-- Entries provided --
○ ○ ○ ○ ○

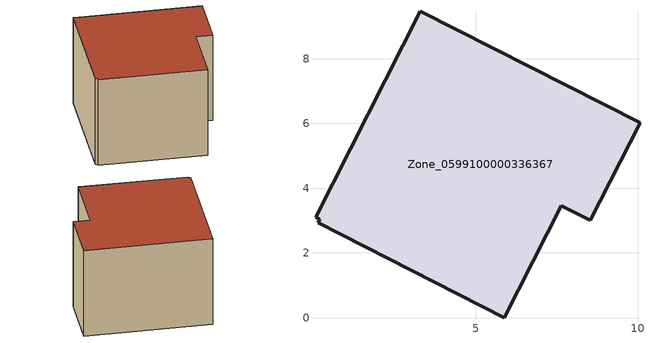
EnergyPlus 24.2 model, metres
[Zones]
Zone_0599100000336367
 floor ground (C_G): 8.54,3 7.65,3.46 5.89,0 0.14,2.93 0.19,3.03 0.05,3.1 3.29,9.46 10.08,6.02 z0
 wall outside (C_F): 7.65,3.46 8.54,3 10.08,6.02 3.29,9.46 0.05,3.1 0.19,3.03 0.14,2.93 5.89,0 7.65,3.46 z0:5.73
 roof outside (C_R): 0.19,3.03 0.14,2.93 5.89,0 7.65,3.46 8.54,3 10.08,6.02 3.29,9.46 0.05,3.1 z5.73
[BUILDING]
Pand.0599100000336367: North Axis=0; Terrain=City; Loads Convergence Tolerance Value=0.04; Temperature Convergence Tolerance Value=0.4; Solar Distribution=FullExterior; Maximum Number of Warmup Days=25; Minimum Number of Warmup Days=1
[Site:Location]
Rotterdam.The.Hague.AP_ZH_NLD Design_Conditions: Latitude=51.96; Longitude=4.45; Time Zone=1; Elevation=-4.5
[SITE:GROUNDTEMPERATURE:BUILDINGSURFACE]
18, 18, 18, 18, 18, 18, 18, 18, 18, 18, 18, 18
[MATERIAL] Thermal Absorptance=0.9; Solar Absorptance=0.7; Visible Absorptance=0.7
Name | Roughness | Thickness | Conductivity | Density | Specific Heat
G.TI.1975-1991 | MediumSmooth | 0.15 | 0.288461 | 540 | 1210
F.TI.1975-1991 | Rough | 0.3 | 0.230769 | 1920 | 840
R.TI.1975-1991 | MediumRough | 0.2 | 0.153846 | 1500 | 1000
[CONSTRUCTION]
C_G: G.TI.1975-1991
C_F: F.TI.1975-1991
C_R: R.TI.1975-1991
[ZONE]
Zone_0599100000336367: Type=1; Multiplier=1; Ceiling Height=Autocalculate; Volume=Autocalculate; Floor Area=autocalculate; Part of Total Floor Area=Yes
[ZONEINFILTRATION:DESIGNFLOWRATE]
Infil_Zone_0599100000336367: Zone or ZoneList or Space or SpaceList=Zone_0599100000336367; Schedule=AlwaysOn; Design Flow Rate Calculation Method=Flow/Area; Flow Rate per Floor Area=0.003; Constant Term Coefficient=1; Temperature Term Coefficient=0; Velocity Term Coefficient=0; Velocity Squared Term Coefficient=0
[HVACTEMPLATE:ZONE:IDEALLOADSAIRSYSTEM]
Zone_0599100000336367: Maximum Heating Supply Air Temperature=50; Minimum Cooling Supply Air Temperature=13; Maximum Heating Supply Air Humidity Ratio=0.0156; Minimum Cooling Supply Air Humidity Ratio=0.0077; Heating Limit=NoLimit; Cooling Limit=NoLimit; Dehumidification Control Type=ConstantSensibleHeatRatio; Cooling Sensible Heat Ratio=0.7; Dehumidification Setpoint=60; Humidification Control Type=None; Humidification Setpoint=30; Outdoor Air Method=None; Outdoor Air Flow Rate per Person=0.00944; Outdoor Air Flow Rate per Zone Floor Area=0; Outdoor Air Flow Rate per Zone=0; Demand Controlled Ventilation Type=None; Outdoor Air Economizer Type=NoEconomizer; Heat Recovery Type=None; Sensible Heat Recovery Effectiveness=0.7; Latent Heat Recovery Effectiveness=0.65
[ZONECONTROL:THERMOSTAT]
ThermostatControl_Zone_0599100000336367: Zone or ZoneList=Zone_0599100000336367; Control Type Schedule=DualSetpointControlType; Control 1=Thermostat_Zone_0599100000336367; Temperature Difference Between Cutout And Setpoint=0
[THERMOSTATSETPOINT:DUALSETPOINT]
Thermostat_Zone_0599100000336367: Heating Setpoint Temperature Schedule=HeatingSetpoint_Zone_0599100000336367; Cooling Setpoint Temperature Schedule=CoolingSetpoint_Zone_0599100000336367
[SCHEDULE:COMPACT]
HeatingSetpoint_Zone_0599100000336367: Through: 12/31, For: AllDays, Until: 24:00, 21
CoolingSetpoint_Zone_0599100000336367: Through: 12/31, For: AllDays, Until: 24:00, 24
DualSetpointControlType: Through: 12/31, For: AllDays, Until: 24:00, 4
AlwaysOn: Through: 12/31, For: AllDays, Until: 24:00, 1

○ ○ ○ ○ ○

-- Task to carry out --
Copy nothing past the line containing "[Site:Location]": reproduce every line from the start of the records up to it, skipping pictures.

-- Exercise response --
EnergyPlus 24.2 model, metres
[Zones]
Zone_0599100000336367
 floor ground (C_G): 8.54,3 7.65,3.46 5.89,0 0.14,2.93 0.19,3.03 0.05,3.1 3.29,9.46 10.08,6.02 z0
 wall outside (C_F): 7.65,3.46 8.54,3 10.08,6.02 3.29,9.46 0.05,3.1 0.19,3.03 0.14,2.93 5.89,0 7.65,3.46 z0:5.73
 roof outside (C_R): 0.19,3.03 0.14,2.93 5.89,0 7.65,3.46 8.54,3 10.08,6.02 3.29,9.46 0.05,3.1 z5.73
[BUILDING]
Pand.0599100000336367: North Axis=0; Terrain=City; Loads Convergence Tolerance Value=0.04; Temperature Convergence Tolerance Value=0.4; Solar Distribution=FullExterior; Maximum Number of Warmup Days=25; Minimum Number of Warmup Days=1
[Site:Location]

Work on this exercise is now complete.